- Task details
Lines in which "layers" appears should be pulled from the data below.

Items from a dataset:
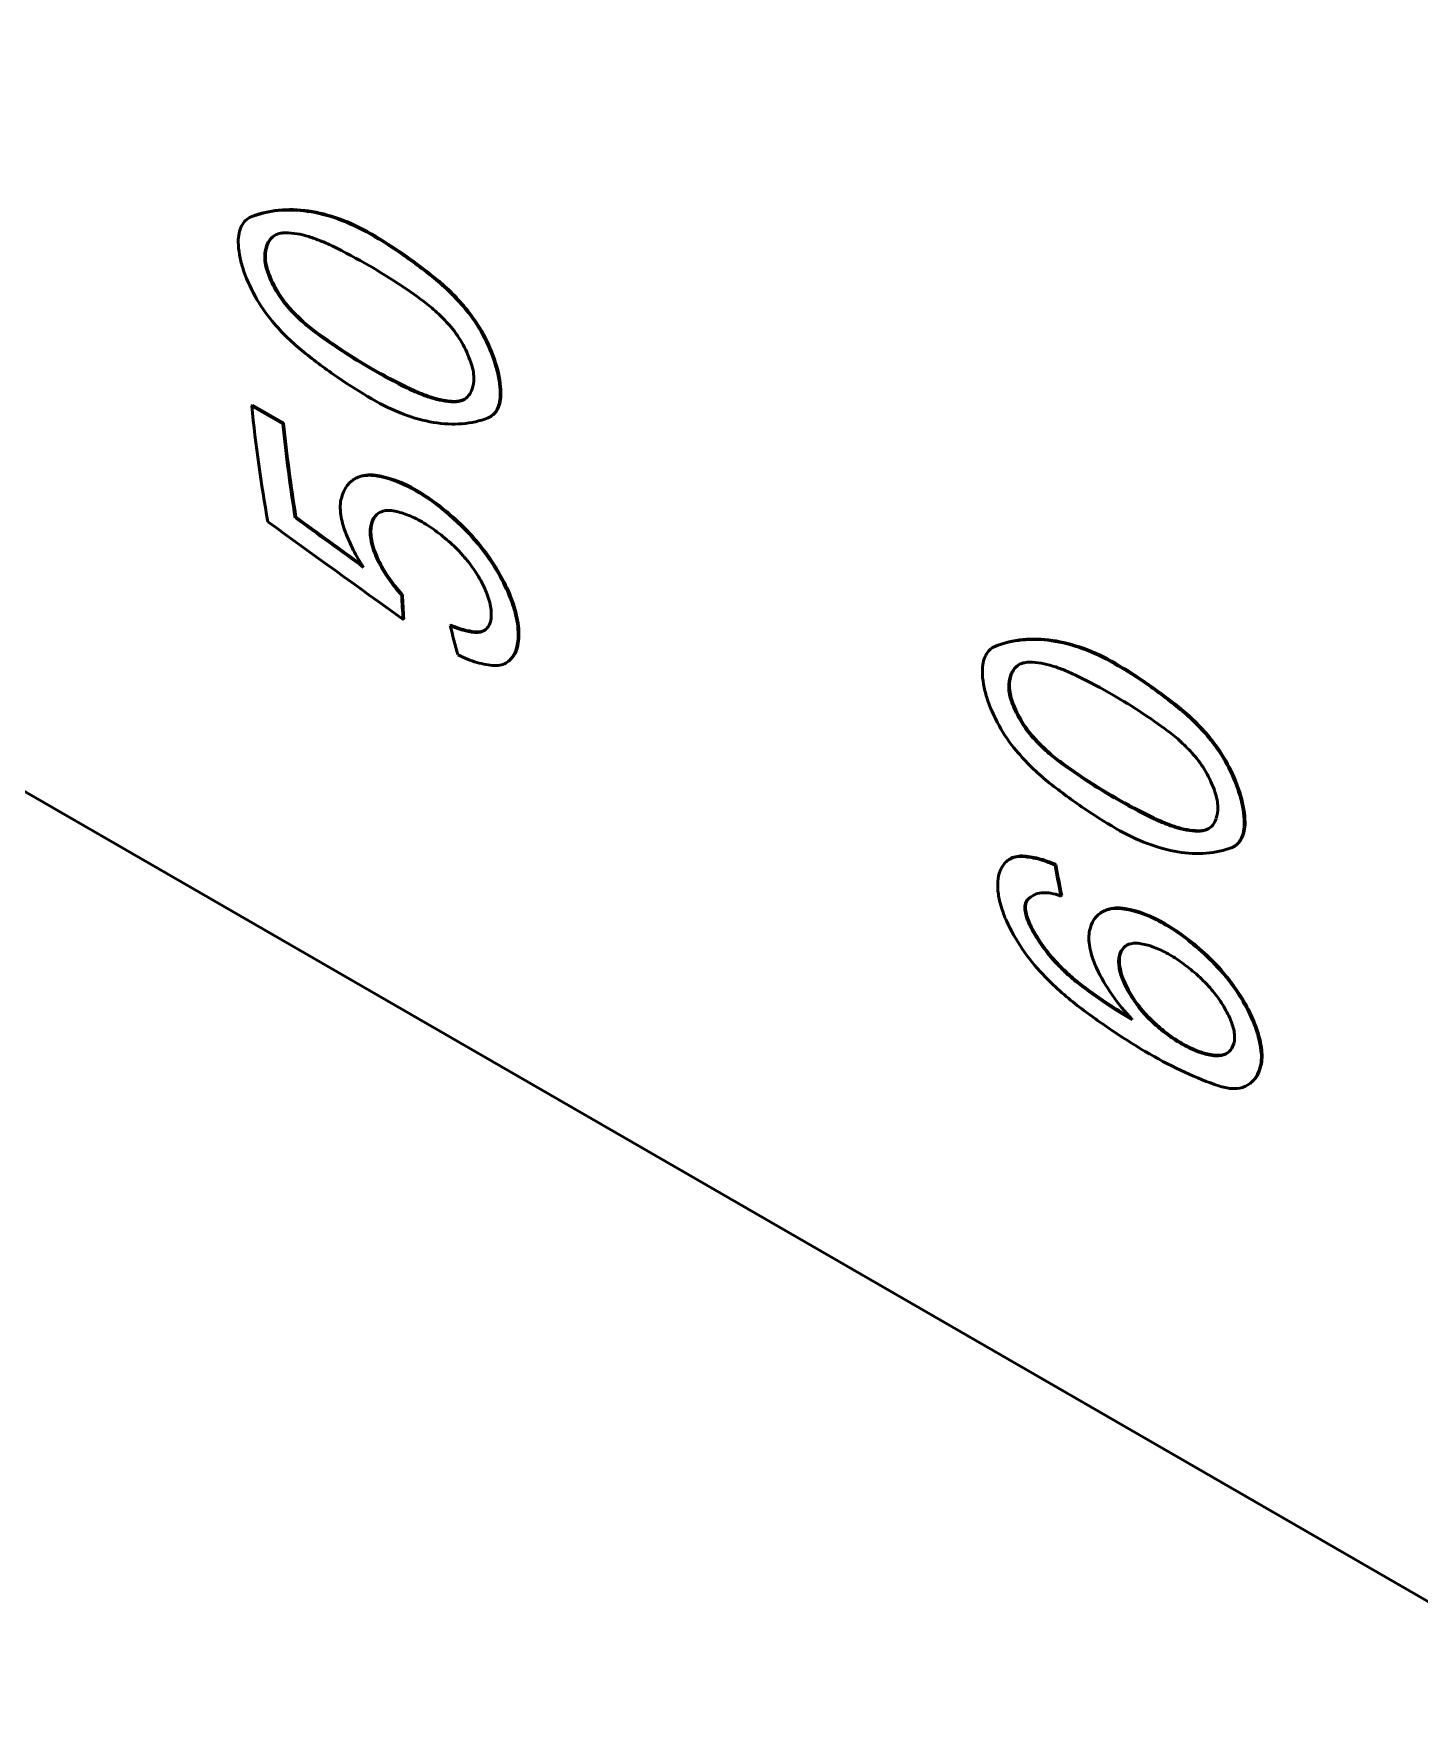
# Model space of a CAD drawing. Header units: millimetres. Extents: x -1259 to 2100, y -2965 to 1485.
# Drawn here: x 1570.6 to 1583.74, y 480.94 to 496.89 of the extents above; entities that cross this region are included whole.
import ezdxf

# ---------------------------------------------------------------- set-up
doc = ezdxf.new("R2010")
doc.units = ezdxf.units.MM
doc.header["$LTSCALE"] = 5
doc.layers.add('Visible (ISO)', color=7, linetype='Continuous', lineweight=50)
doc.layers.add('Visible Narrow (ISO)', color=7, linetype='Continuous', lineweight=35)

msp = doc.modelspace()

# ---------------------------------------------------------------- linework, layer by layer
at = {"layer": 'Visible (ISO)'}
for p, q in [((1541.025, 506.727), (1605.266, 469.638)), ((1572.643, 495.142), (1572.65, 495.146)), ((1572.675, 493.366), (1572.668, 493.361)), ((1572.668, 493.361), (1572.965, 493.19)), ((1572.675, 493.366), (1572.972, 493.195)), ((1574.94, 493.261), (1574.933, 493.256)), ((1572.972, 493.195), (1572.965, 493.19)), ((1573.625, 492.654), (1573.632, 492.659)), ((1573.089, 492.303), (1573.082, 492.298)), ((1574.097, 491.571), (1574.09, 491.566)), ((1574.11, 491.34), (1574.103, 491.334)), ((1574.557, 491.281), (1574.551, 491.275)), ((1579.698, 491.069), (1579.705, 491.073)), ((1575.108, 490.94), (1575.101, 490.934)), ((1581.995, 489.187), (1581.988, 489.183)), ((1579.84, 489.048), (1579.847, 489.053)), ((1580.293, 489.008), (1580.286, 489.003)), ((1580.349, 488.715), (1580.342, 488.71)), ((1580.715, 488.547), (1580.722, 488.552)), ((1581.018, 487.536), (1581.016, 487.542)), ((1582.144, 486.938), (1582.137, 486.933))]:
    msp.add_line(p, q, dxfattribs=at)
for centre, major_axis, ratio, start_param, end_param in [((1573.015, 494.667), (0.114, -0.311), 0.588622, 3.761517, 4.16783), ((1573.695, 489.34), (-3.143, 5.672), 0.588924, 5.508165, 5.58568), ((1573.621, 498.682), (3.286, -5.273), 0.554016, 5.478823, 5.559061), ((1573.628, 498.689), (3.287, -5.276), 0.554016, 5.478822, 5.55902), ((1574.577, 493.73), (0.103, -0.302), 0.558749, 0.631165, 1.032849), ((1586.276, 502.945), (9.68, 16.766), 0.57735, 2.465704, 2.541809), ((1586.572, 502.774), (-9.68, -16.766), 0.57735, 5.607297, 5.668647), ((1586.572, 502.774), (-9.675, -16.758), 0.57735, 5.607297, 5.668647), ((2091.329, 896.59), (743.72, 8.091), 0.75326, 3.933259, 3.934472), ((2091.589, 896.793), (744.083, 8.161), 0.753222, 3.933192, 3.934367), ((2088.57, 905.463), (-741.917, -22.544), 0.761738, 0.779277, 0.781676), ((1587.787, 502.419), (-11.299, -16.164), 0.480419, 5.726363, 5.744089), ((1587.787, 502.419), (-11.294, -16.155), 0.480368, 5.726383, 5.744109), ((1588.132, 502.029), (8.626, 17.513), 0.636719, 2.500663, 2.51934), ((1580.07, 490.593), (0.114, -0.311), 0.588622, 3.761517, 4.16783), ((1580.751, 485.266), (-3.143, 5.672), 0.588924, 5.508165, 5.58568), ((1580.677, 494.609), (3.286, -5.273), 0.554016, 5.478823, 5.559061), ((1580.684, 494.616), (3.287, -5.276), 0.554016, 5.478822, 5.55902), ((1581.632, 489.657), (0.103, -0.302), 0.558749, 0.631165, 1.032849), ((1594.058, 498.642), (-8.334, -17.706), 0.64049, 5.553486, 5.57214), ((1594.058, 498.642), (-8.329, -17.697), 0.64052, 5.553457, 5.572111), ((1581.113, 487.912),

- Exercise output
doc.layers.add('Visible (ISO)', color=7, linetype='Continuous', lineweight=50)
doc.layers.add('Visible Narrow (ISO)', color=7, linetype='Continuous', lineweight=35)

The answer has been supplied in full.